Williams Claire R, Baccarella Alyssa, Parrish Jay Z, Kim Charles C
Department of Biology, University of Washington, Seattle, WA, 98195, USA.
Division of Experimental Medicine, Department of Medicine, University of California, San Francisco, CA, 94143, USA.
BMC Bioinformatics. 2017 Jan 17;18(1):38. doi: 10.1186/s12859-016-1457-z.
RNA-Seq has supplanted microarrays as the preferred method of transcriptome-wide identification of differentially expressed genes. However, RNA-Seq analysis is still rapidly evolving, with a large number of tools available for each of the three major processing steps: read alignment, expression modeling, and identification of differentially expressed genes. Although some studies have benchmarked these tools against gold standard gene expression sets, few have evaluated their performance in concert with one another.

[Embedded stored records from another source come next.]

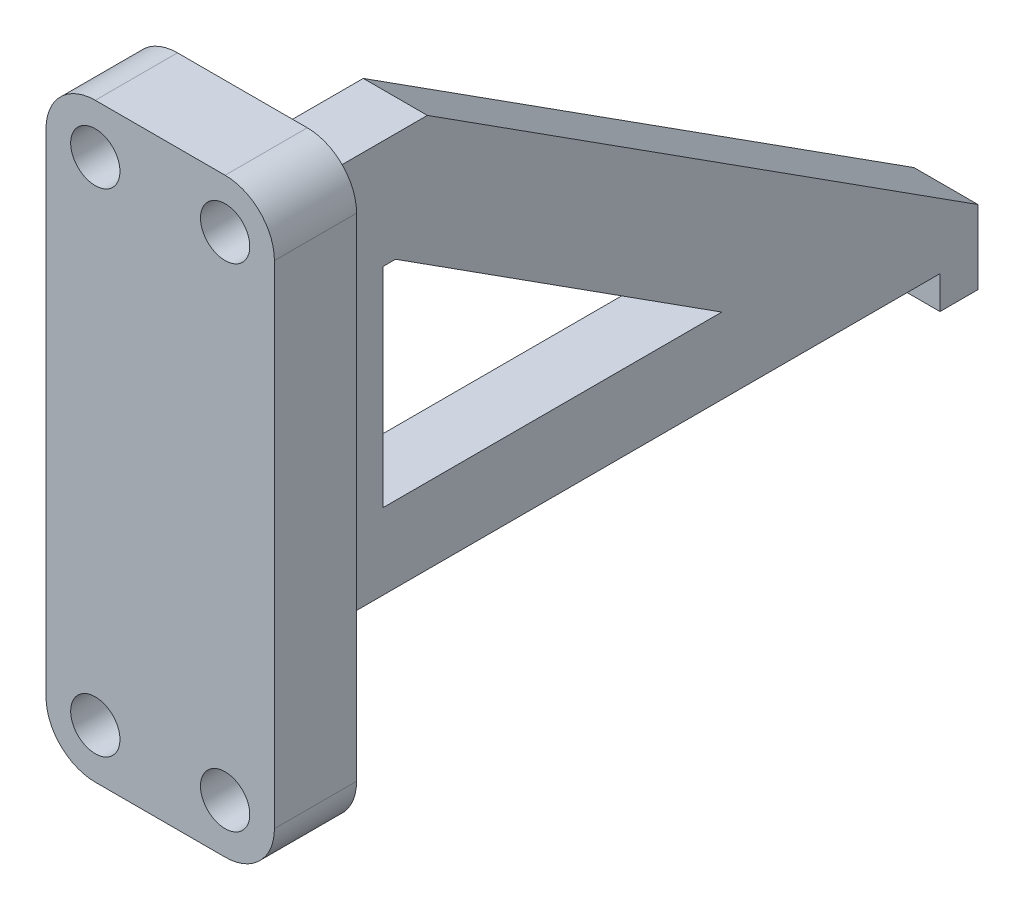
ISO-10303-21;
HEADER;
FILE_DESCRIPTION(('STEP AP214'),'2;1');
FILE_NAME('part.step','',(''),(''),'','','');
FILE_SCHEMA(('AUTOMOTIVE_DESIGN { 1 0 10303 214 1 1 1 1 }'));
ENDSEC;
DATA;
#1=APPLICATION_CONTEXT('core data for automotive mechanical design processes');
#2=APPLICATION_PROTOCOL_DEFINITION('international standard','automotive_design',2000,#1);
#3=PRODUCT_CONTEXT('',#1,'mechanical');
#4=PRODUCT('Part','Part','',(#3));
#5=PRODUCT_RELATED_PRODUCT_CATEGORY('part','',(#4));
#6=PRODUCT_DEFINITION_FORMATION('','',#4);
#7=PRODUCT_DEFINITION_CONTEXT('part definition',#1,'design');
#8=PRODUCT_DEFINITION('design','',#6,#7);
#9=PRODUCT_DEFINITION_SHAPE('','',#8);
#10=(LENGTH_UNIT() NAMED_UNIT(*) SI_UNIT(.MILLI.,.METRE.));
#11=(NAMED_UNIT(*) PLANE_ANGLE_UNIT() SI_UNIT($,.RADIAN.));
#12=(NAMED_UNIT(*) SI_UNIT($,.STERADIAN.) SOLID_ANGLE_UNIT());
#13=UNCERTAINTY_MEASURE_WITH_UNIT(LENGTH_MEASURE(1.E-05),#10,'distance_accuracy_value','');
#14=(GEOMETRIC_REPRESENTATION_CONTEXT(3) GLOBAL_UNCERTAINTY_ASSIGNED_CONTEXT((#13)) GLOBAL_UNIT_ASSIGNED_CONTEXT((#10,
#11,#12)) REPRESENTATION_CONTEXT('',''));
#15=CARTESIAN_POINT('',(0.,0.,0.));
#16=DIRECTION('',(0.,0.,1.));
#17=DIRECTION('',(1.,0.,0.));
#18=AXIS2_PLACEMENT_3D('',#15,#16,#17);
#19=CARTESIAN_POINT('',(7.7978515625,0.,-85.6249419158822));
#20=DIRECTION('',(0.,1.,0.));
#21=DIRECTION('',(0.,0.,1.));
#22=AXIS2_PLACEMENT_3D('',#19,#20,#21);
#23=PLANE('',#22);
#24=DIRECTION('',(0.,0.,-1.));
#25=VECTOR('',#24,1.);
#26=CARTESIAN_POINT('',(7.7978515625,0.,-85.6249419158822));
#27=LINE('',#26,#25);
#28=CARTESIAN_POINT('',(7.7978515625,0.,-81.));
#29=VERTEX_POINT('',#28);
#30=CARTESIAN_POINT('',(7.7978515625,0.,-85.6249419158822));
#31=VERTEX_POINT('',#30);
#32=EDGE_CURVE('E289',#29,#31,#27,.T.);
#33=ORIENTED_EDGE('',*,*,#32,.F.);
#34=DIRECTION('',(-1.,0.,0.));
#35=VECTOR('',#34,1.);
#36=CARTESIAN_POINT('',(7.7978515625,0.,-81.));
#37=LINE('',#36,#35);
#38=CARTESIAN_POINT('',(0.,0.,-81.));
#39=VERTEX_POINT('',#38);
#40=EDGE_CURVE('E202',#29,#39,#37,.T.);
#41=ORIENTED_EDGE('',*,*,#40,.T.);
#42=DIRECTION('',(0.,0.,-1.));
#43=VECTOR('',#42,1.);
#44=CARTESIAN_POINT('',(0.,0.,-85.6249419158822));
#45=LINE('',#44,#43);
#46=CARTESIAN_POINT('',(0.,0.,-85.6249419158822));
#47=VERTEX_POINT('',#46);
#48=EDGE_CURVE('E303',#39,#47,#45,.T.);
#49=ORIENTED_EDGE('',*,*,#48,.T.);
#50=DIRECTION('',(-1.,0.,0.));
#51=VECTOR('',#50,1.);
#52=CARTESIAN_POINT('',(7.7978515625,0.,-85.6249419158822));
#53=LINE('',#52,#51);
#54=EDGE_CURVE('E314',#31,#47,#53,.T.);
#55=ORIENTED_EDGE('',*,*,#54,.F.);
#56=EDGE_LOOP('',(#33,#41,#49,#55));
#57=FACE_BOUND('',#56,.T.);
#58=ADVANCED_FACE('F30',(#57),#23,.F.);
#59=CARTESIAN_POINT('',(7.7978515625,51.8720779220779,0.));
#60=DIRECTION('',(0.,-1.,0.));
#61=DIRECTION('',(0.,0.,-1.));
#62=AXIS2_PLACEMENT_3D('',#59,#60,#61);
#63=PLANE('',#62);
#64=DIRECTION('',(0.,0.,1.));
#65=VECTOR('',#64,1.);
#66=CARTESIAN_POINT('',(0.,51.8720779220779,0.));
#67=LINE('',#66,#65);
#68=CARTESIAN_POINT('',(0.,51.8720779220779,-18.6118250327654));
#69=VERTEX_POINT('',#68);
#70=CARTESIAN_POINT('',(0.,51.8720779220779,0.));
#71=VERTEX_POINT('',#70);
#72=EDGE_CURVE('E273',#69,#71,#67,.T.);
#73=ORIENTED_EDGE('',*,*,#72,.T.);
#74=DIRECTION('',(-1.,0.,0.));
#75=VECTOR('',#74,1.);
#76=CARTESIAN_POINT('',(7.7978515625,51.8720779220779,0.));
#77=LINE('',#76,#75);
#78=CARTESIAN_POINT('',(7.7978515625,51.8720779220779,0.));
#79=VERTEX_POINT('',#78);
#80=EDGE_CURVE('E320',#79,#71,#77,.T.);
#81=ORIENTED_EDGE('',*,*,#80,.F.);
#82=DIRECTION('',(0.,0.,1.));
#83=VECTOR('',#82,1.);
#84=CARTESIAN_POINT('',(7.7978515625,51.8720779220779,0.));
#85=LINE('',#84,#83);
#86=CARTESIAN_POINT('',(7.7978515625,51.8720779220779,-18.6118250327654));
#87=VERTEX_POINT('',#86);
#88=EDGE_CURVE('E284',#87,#79,#85,.T.);
#89=ORIENTED_EDGE('',*,*,#88,.F.);
#90=DIRECTION('',(-1.,0.,0.));
#91=VECTOR('',#90,1.);
#92=CARTESIAN_POINT('',(7.7978515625,51.8720779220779,-18.6118250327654));
#93=LINE('',#92,#91);
#94=EDGE_CURVE('E297',#87,#69,#93,.T.);
#95=ORIENTED_EDGE('',*,*,#94,.T.);
#96=EDGE_LOOP('',(#73,#81,#89,#95));
#97=FACE_BOUND('',#96,.T.);
#98=ADVANCED_FACE('F406',(#97),#63,.F.);
#99=CARTESIAN_POINT('',(0.,0.,0.));
#100=VERTEX_POINT('',#99);
#101=CARTESIAN_POINT('',(0.,0.,-4.00000000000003));
#102=VERTEX_POINT('',#101);
#103=EDGE_CURVE('E304',#100,#102,#45,.T.);
#104=ORIENTED_EDGE('',*,*,#103,.T.);
#105=DIRECTION('',(1.,0.,0.));
#106=VECTOR('',#105,1.);
#107=CARTESIAN_POINT('',(7.7978515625,0.,-4.));
#108=LINE('',#107,#106);
#109=CARTESIAN_POINT('',(7.7978515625,0.,-4.));
#110=VERTEX_POINT('',#109);
#111=EDGE_CURVE('E44',#102,#110,#108,.T.);
#112=ORIENTED_EDGE('',*,*,#111,.T.);
#113=CARTESIAN_POINT('',(7.7978515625,0.,0.));
#114=VERTEX_POINT('',#113);
#115=EDGE_CURVE('E290',#114,#110,#27,.T.);
#116=ORIENTED_EDGE('',*,*,#115,.F.);
#117=DIRECTION('',(-1.,0.,0.));
#118=VECTOR('',#117,1.);
#119=CARTESIAN_POINT('',(7.7978515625,0.,0.));
#120=LINE('',#119,#118);
#121=EDGE_CURVE('E317',#114,#100,#120,.T.);
#122=ORIENTED_EDGE('',*,*,#121,.T.);
#123=EDGE_LOOP('',(#104,#112,#116,#122));
#124=FACE_BOUND('',#123,.T.);
#125=ADVANCED_FACE('F409',(#124),#23,.F.);
#126=CARTESIAN_POINT('',(7.7978515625,8.97246753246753,-85.6249419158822));
#127=DIRECTION('',(0.,0.,1.));
#128=DIRECTION('',(1.,0.,0.));
#129=AXIS2_PLACEMENT_3D('',#126,#127,#128);
#130=PLANE('',#129);
#131=DIRECTION('',(0.,1.,0.));
#132=VECTOR('',#131,1.);
#133=CARTESIAN_POINT('',(0.,8.97246753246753,-85.6249419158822));
#134=LINE('',#133,#132);
#135=CARTESIAN_POINT('',(0.,8.97246753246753,-85.6249419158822));
#136=VERTEX_POINT('',#135);
#137=EDGE_CURVE('E306',#47,#136,#134,.T.);
#138=ORIENTED_EDGE('',*,*,#137,.T.);
#139=DIRECTION('',(-1.,0.,0.));
#140=VECTOR('',#139,1.);
#141=CARTESIAN_POINT('',(7.7978515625,8.97246753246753,-85.6249419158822));
#142=LINE('',#141,#140);
#143=CARTESIAN_POINT('',(7.7978515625,8.97246753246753,-85.6249419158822));
#144=VERTEX_POINT('',#143);
#145=EDGE_CURVE('E311',#144,#136,#142,.T.);
#146=ORIENTED_EDGE('',*,*,#145,.F.);
#147=DIRECTION('',(0.,1.,0.));
#148=VECTOR('',#147,1.);
#149=CARTESIAN_POINT('',(7.7978515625,8.97246753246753,-85.6249419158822));
#150=LINE('',#149,#148);
#151=EDGE_CURVE('E293',#31,#144,#150,.T.);
#152=ORIENTED_EDGE('',*,*,#151,.F.);
#153=ORIENTED_EDGE('',*,*,#54,.T.);
#154=EDGE_LOOP('',(#138,#146,#152,#153));
#155=FACE_BOUND('',#154,.T.);
#156=ADVANCED_FACE('F418',(#155),#130,.F.);
#157=CARTESIAN_POINT('',(7.7978515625,51.8720779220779,-18.6118250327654));
#158=DIRECTION('',(0.,-0.842207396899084,0.539153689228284));
#159=DIRECTION('',(0.,-0.539153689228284,-0.842207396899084));
#160=AXIS2_PLACEMENT_3D('',#157,#158,#159);
#161=PLANE('',#160);
#162=DIRECTION('',(0.,0.539153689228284,0.842207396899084));
#163=VECTOR('',#162,1.);
#164=CARTESIAN_POINT('',(0.,51.8720779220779,-18.6118250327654));
#165=LINE('',#164,#163);
#166=EDGE_CURVE('E287',#136,#69,#165,.T.);
#167=ORIENTED_EDGE('',*,*,#166,.T.);
#168=ORIENTED_EDGE('',*,*,#94,.F.);
#169=DIRECTION('',(0.,0.539153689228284,0.842207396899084));
#170=VECTOR('',#169,1.);
#171=CARTESIAN_POINT('',(7.7978515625,51.8720779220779,-18.6118250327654));
#172=LINE('',#171,#170);
#173=EDGE_CURVE('E295',#144,#87,#172,.T.);
#174=ORIENTED_EDGE('',*,*,#173,.F.);
#175=ORIENTED_EDGE('',*,*,#145,.T.);
#176=EDGE_LOOP('',(#167,#168,#174,#175));
#177=FACE_BOUND('',#176,.T.);
#178=ADVANCED_FACE('F423',(#177),#161,.F.);
#179=CARTESIAN_POINT('',(7.7978515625,51.8720779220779,-85.6249419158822));
#180=DIRECTION('',(-1.,0.,0.));
#181=DIRECTION('',(0.,0.,1.));
#182=AXIS2_PLACEMENT_3D('',#179,#180,#181);
#183=PLANE('',#182);
#184=DIRECTION('',(0.,-0.539153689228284,-0.842207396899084));
#185=VECTOR('',#184,1.);
#186=CARTESIAN_POINT('',(7.7978515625,10.3020198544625,-59.0131474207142));
#187=LINE('',#186,#185);
#188=CARTESIAN_POINT('',(7.7978515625,38.6439895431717,-14.7403973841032));
#189=VERTEX_POINT('',#188);
#190=CARTESIAN_POINT('',(7.7978515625,13.2280883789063,-54.4423606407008));
#191=VERTEX_POINT('',#190);
#192=EDGE_CURVE('E229',#189,#191,#187,.T.);
#193=ORIENTED_EDGE('',*,*,#192,.T.);
#194=DIRECTION('',(0.,0.,1.));
#195=VECTOR('',#194,1.);
#196=CARTESIAN_POINT('',(7.7978515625,13.2280883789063,-85.6249419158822));
#197=LINE('',#196,#195);
#198=CARTESIAN_POINT('',(7.7978515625,13.2280883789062,-13.2280883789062));
#199=VERTEX_POINT('',#198);
#200=EDGE_CURVE('E232',#191,#199,#197,.T.);
#201=ORIENTED_EDGE('',*,*,#200,.T.);
#202=DIRECTION('',(0.,1.,0.));
#203=VECTOR('',#202,1.);
#204=CARTESIAN_POINT('',(7.7978515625,51.8720779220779,-13.2280883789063));
#205=LINE('',#204,#203);
#206=CARTESIAN_POINT('',(7.7978515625,38.6439895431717,-13.2280883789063));
#207=VERTEX_POINT('',#206);
#208=EDGE_CURVE('E218',#199,#207,#205,.T.);
#209=ORIENTED_EDGE('',*,*,#208,.T.);
#210=DIRECTION('',(0.,0.,-1.));
#211=VECTOR('',#210,1.);
#212=CARTESIAN_POINT('',(7.7978515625,38.6439895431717,-85.6249419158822));
#213=LINE('',#212,#211);
#214=EDGE_CURVE('E226',#207,#189,#213,.T.);
#215=ORIENTED_EDGE('',*,*,#214,.T.);
#216=EDGE_LOOP('',(#193,#201,#209,#215));
#217=FACE_BOUND('',#216,.T.);
#218=DIRECTION('',(0.,0.,-1.));
#219=VECTOR('',#218,1.);
#220=CARTESIAN_POINT('',(7.7978515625,4.,-85.6249419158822));
#221=LINE('',#220,#219);
#222=CARTESIAN_POINT('',(7.7978515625,4.,-4.));
#223=VERTEX_POINT('',#222);
#224=CARTESIAN_POINT('',(7.7978515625,4.,-81.));
#225=VERTEX_POINT('',#224);
#226=EDGE_CURVE('E180',#223,#225,#221,.T.);
#227=ORIENTED_EDGE('',*,*,#226,.T.);
#228=DIRECTION('',(0.,-1.,0.));
#229=VECTOR('',#228,1.);
#230=CARTESIAN_POINT('',(7.7978515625,51.8720779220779,-81.));
#231=LINE('',#230,#229);
#232=EDGE_CURVE('E199',#225,#29,#231,.T.);
#233=ORIENTED_EDGE('',*,*,#232,.T.);
#234=ORIENTED_EDGE('',*,*,#32,.T.);
#235=ORIENTED_EDGE('',*,*,#151,.T.);
#236=ORIENTED_EDGE('',*,*,#173,.T.);
#237=ORIENTED_EDGE('',*,*,#88,.T.);
#238=DIRECTION('',(0.,-1.,0.));
#239=VECTOR('',#238,1.);
#240=CARTESIAN_POINT('',(7.7978515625,51.8720779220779,0.));
#241=LINE('',#240,#239);
#242=EDGE_CURVE('E286',#79,#114,#241,.T.);
#243=ORIENTED_EDGE('',*,*,#242,.T.);
#244=ORIENTED_EDGE('',*,*,#115,.T.);
#245=DIRECTION('',(0.,1.,0.));
#246=VECTOR('',#245,1.);
#247=CARTESIAN_POINT('',(7.7978515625,51.8720779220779,-4.));
#248=LINE('',#247,#246);
#249=EDGE_CURVE('E194',#110,#223,#248,.T.);
#250=ORIENTED_EDGE('',*,*,#249,.T.);
#251=EDGE_LOOP('',(#227,#233,#234,#235,#236,#237,#243,#244,#250));
#252=FACE_BOUND('',#251,.T.);
#253=ADVANCED_FACE('F434',(#217,#252),#183,.F.);
#254=CARTESIAN_POINT('',(0.,51.8720779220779,-85.6249419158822));
#255=DIRECTION('',(-1.,0.,0.));
#256=DIRECTION('',(0.,0.,1.));
#257=AXIS2_PLACEMENT_3D('',#254,#255,#256);
#258=PLANE('',#257);
#259=DIRECTION('',(0.,-1.,0.));
#260=VECTOR('',#259,1.);
#261=CARTESIAN_POINT('',(0.,4.,-81.));
#262=LINE('',#261,#260);
#263=CARTESIAN_POINT('',(0.,4.,-81.));
#264=VERTEX_POINT('',#263);
#265=EDGE_CURVE('E190',#264,#39,#262,.T.);
#266=ORIENTED_EDGE('',*,*,#265,.F.);
#267=DIRECTION('',(0.,0.,-1.));
#268=VECTOR('',#267,1.);
#269=CARTESIAN_POINT('',(0.,4.,-81.));
#270=LINE('',#269,#268);
#271=CARTESIAN_POINT('',(0.,4.,-4.));
#272=VERTEX_POINT('',#271);
#273=EDGE_CURVE('E177',#272,#264,#270,.T.);
#274=ORIENTED_EDGE('',*,*,#273,.F.);
#275=DIRECTION('',(0.,1.,0.));
#276=VECTOR('',#275,1.);
#277=CARTESIAN_POINT('',(0.,51.8720779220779,-4.));
#278=LINE('',#277,#276);
#279=EDGE_CURVE('E11',#102,#272,#278,.T.);
#280=ORIENTED_EDGE('',*,*,#279,.F.);
#281=ORIENTED_EDGE('',*,*,#103,.F.);
#282=DIRECTION('',(0.,-1.,0.));
#283=VECTOR('',#282,1.);
#284=CARTESIAN_POINT('',(0.,51.8720779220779,0.));
#285=LINE('',#284,#283);
#286=EDGE_CURVE('E300',#71,#100,#285,.T.);
#287=ORIENTED_EDGE('',*,*,#286,.F.);
#288=ORIENTED_EDGE('',*,*,#72,.F.);
#289=ORIENTED_EDGE('',*,*,#166,.F.);
#290=ORIENTED_EDGE('',*,*,#137,.F.);
#291=ORIENTED_EDGE('',*,*,#48,.F.);
#292=EDGE_LOOP('',(#266,#274,#280,#281,#287,#288,#289,#290,#291));
#293=FACE_BOUND('',#292,.T.);
#294=DIRECTION('',(0.,0.,1.));
#295=VECTOR('',#294,1.);
#296=CARTESIAN_POINT('',(0.,13.2280883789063,-54.4423606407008));
#297=LINE('',#296,#295);
#298=CARTESIAN_POINT('',(0.,13.2280883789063,-54.4423606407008));
#299=VERTEX_POINT('',#298);
#300=CARTESIAN_POINT('',(0.,13.2280883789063,-13.2280883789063));
#301=VERTEX_POINT('',#300);
#302=EDGE_CURVE('E205',#299,#301,#297,.T.);
#303=ORIENTED_EDGE('',*,*,#302,.F.);
#304=DIRECTION('',(0.,-0.539153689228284,-0.842207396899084));
#305=VECTOR('',#304,1.);
#306=CARTESIAN_POINT('',(0.,38.6439895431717,-14.7403973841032));
#307=LINE('',#306,#305);
#308=CARTESIAN_POINT('',(0.,38.6439895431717,-14.7403973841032));
#309=VERTEX_POINT('',#308);
#310=EDGE_CURVE('E212',#309,#299,#307,.T.);
#311=ORIENTED_EDGE('',*,*,#310,.F.);
#312=DIRECTION('',(0.,0.,-1.));
#313=VECTOR('',#312,1.);
#314=CARTESIAN_POINT('',(0.,38.6439895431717,-13.2280883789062));
#315=LINE('',#314,#313);
#316=CARTESIAN_POINT('',(0.,38.6439895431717,-13.2280883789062));
#317=VERTEX_POINT('',#316);
#318=EDGE_CURVE('E209',#317,#309,#315,.T.);
#319=ORIENTED_EDGE('',*,*,#318,.F.);
#320=DIRECTION('',(0.,1.,0.));
#321=VECTOR('',#320,1.);
#322=CARTESIAN_POINT('',(0.,13.2280883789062,-13.2280883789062));
#323=LINE('',#322,#321);
#324=EDGE_CURVE('E207',#301,#317,#323,.T.);
#325=ORIENTED_EDGE('',*,*,#324,.F.);
#326=EDGE_LOOP('',(#303,#311,#319,#325));
#327=FACE_BOUND('',#326,.T.);
#328=ADVANCED_FACE('F187',(#293,#327),#258,.T.);
#329=CARTESIAN_POINT('',(-10.,61.8720779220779,0.));
#330=DIRECTION('',(0.,0.,1.));
#331=DIRECTION('',(1.,0.,0.));
#332=AXIS2_PLACEMENT_3D('',#329,#330,#331);
#333=PLANE('',#332);
#334=CARTESIAN_POINT('',(-4.,-4.,0.));
#335=DIRECTION('',(0.,0.,-1.));
#336=DIRECTION('',(-1.,0.,0.));
#337=AXIS2_PLACEMENT_3D('',#334,#335,#336);
#338=CIRCLE('',#337,3.);
#339=CARTESIAN_POINT('',(-7.,-4.,0.));
#340=VERTEX_POINT('',#339);
#341=EDGE_CURVE('E235',#340,#340,#338,.T.);
#342=ORIENTED_EDGE('',*,*,#341,.F.);
#343=EDGE_LOOP('',(#342));
#344=FACE_BOUND('',#343,.T.);
#345=CARTESIAN_POINT('',(11.7978515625,-4.,0.));
#346=DIRECTION('',(0.,0.,-1.));
#347=DIRECTION('',(-1.,0.,0.));
#348=AXIS2_PLACEMENT_3D('',#345,#346,#347);
#349=CIRCLE('',#348,3.);
#350=CARTESIAN_POINT('',(8.7978515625,-4.,0.));
#351=VERTEX_POINT('',#350);
#352=EDGE_CURVE('E239',#351,#351,#349,.T.);
#353=ORIENTED_EDGE('',*,*,#352,.F.);
#354=EDGE_LOOP('',(#353));
#355=FACE_BOUND('',#354,.T.);
#356=CARTESIAN_POINT('',(-4.,55.8720779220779,0.));
#357=DIRECTION('',(0.,0.,-1.));
#358=DIRECTION('',(-1.,0.,0.));
#359=AXIS2_PLACEMENT_3D('',#356,#357,#358);
#360=CIRCLE('',#359,3.);
#361=CARTESIAN_POINT('',(-7.,55.8720779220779,0.));
#362=VERTEX_POINT('',#361);
#363=EDGE_CURVE('E245',#362,#362,#360,.T.);
#364=ORIENTED_EDGE('',*,*,#363,.F.);
#365=EDGE_LOOP('',(#364));
#366=FACE_BOUND('',#365,.T.);
#367=CARTESIAN_POINT('',(11.7978515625,55.8720779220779,0.));
#368=DIRECTION('',(0.,0.,-1.));
#369=DIRECTION('',(-1.,0.,0.));
#370=AXIS2_PLACEMENT_3D('',#367,#368,#369);
#371=CIRCLE('',#370,3.);
#372=CARTESIAN_POINT('',(8.7978515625,55.8720779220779,0.));
#373=VERTEX_POINT('',#372);
#374=EDGE_CURVE('E251',#373,#373,#371,.T.);
#375=ORIENTED_EDGE('',*,*,#374,.F.);
#376=EDGE_LOOP('',(#375));
#377=FACE_BOUND('',#376,.T.);
#378=DIRECTION('',(-1.,0.,0.));
#379=VECTOR('',#378,1.);
#380=CARTESIAN_POINT('',(17.7978515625,61.8720779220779,0.));
#381=LINE('',#380,#379);
#382=CARTESIAN_POINT('',(11.7978515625,61.8720779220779,0.));
#383=VERTEX_POINT('',#382);
#384=CARTESIAN_POINT('',(-4.,61.8720779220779,0.));
#385=VERTEX_POINT('',#384);
#386=EDGE_CURVE('E257',#383,#385,#381,.T.);
#387=ORIENTED_EDGE('',*,*,#386,.F.);
#388=CARTESIAN_POINT('',(11.7978515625,55.8720779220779,0.));
#389=DIRECTION('',(0.,0.,1.));
#390=DIRECTION('',(1.,0.,0.));
#391=AXIS2_PLACEMENT_3D('',#388,#389,#390);
#392=CIRCLE('',#391,6.);
#393=CARTESIAN_POINT('',(17.7978515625,55.8720779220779,0.));
#394=VERTEX_POINT('',#393);
#395=EDGE_CURVE('E334',#383,#394,#392,.F.);
#396=ORIENTED_EDGE('',*,*,#395,.T.);
#397=DIRECTION('',(0.,1.,0.));
#398=VECTOR('',#397,1.);
#399=CARTESIAN_POINT('',(17.7978515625,-10.,0.));
#400=LINE('',#399,#398);
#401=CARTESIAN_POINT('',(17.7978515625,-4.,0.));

Additionally, there is a general lack of testing of such tools on real-world, physiologically relevant datasets, which often possess qualities not reflected in tightly controlled reference RNA samples or synthetic datasets.
Here, we evaluate 219 combinatorial implementations of the most commonly used analysis tools for their impact on differential gene expression analysis by RNA-Seq. A test dataset was generated using highly purified human classical and nonclassical monocyte subsets from a clinical cohort, allowing us to evaluate the performance of 495 unique workflows, when accounting for differences in expression units and gene- versus transcript-level estimation. We find that the choice of methodologies leads to wide variation in the number of genes called significant, as well as in performance as gauged by precision and recall, calculated by comparing our RNA-Seq results to those from four previously published microarray and BeadChip analyses of the same cell populations. The method of differential gene expression identification exhibited the strongest impact on performance, with smaller impacts from the choice of read aligner and expression modeler. Many workflows were found to exhibit similar overall performance, but with differences in their calibration, with some biased toward higher precision and others toward higher recall.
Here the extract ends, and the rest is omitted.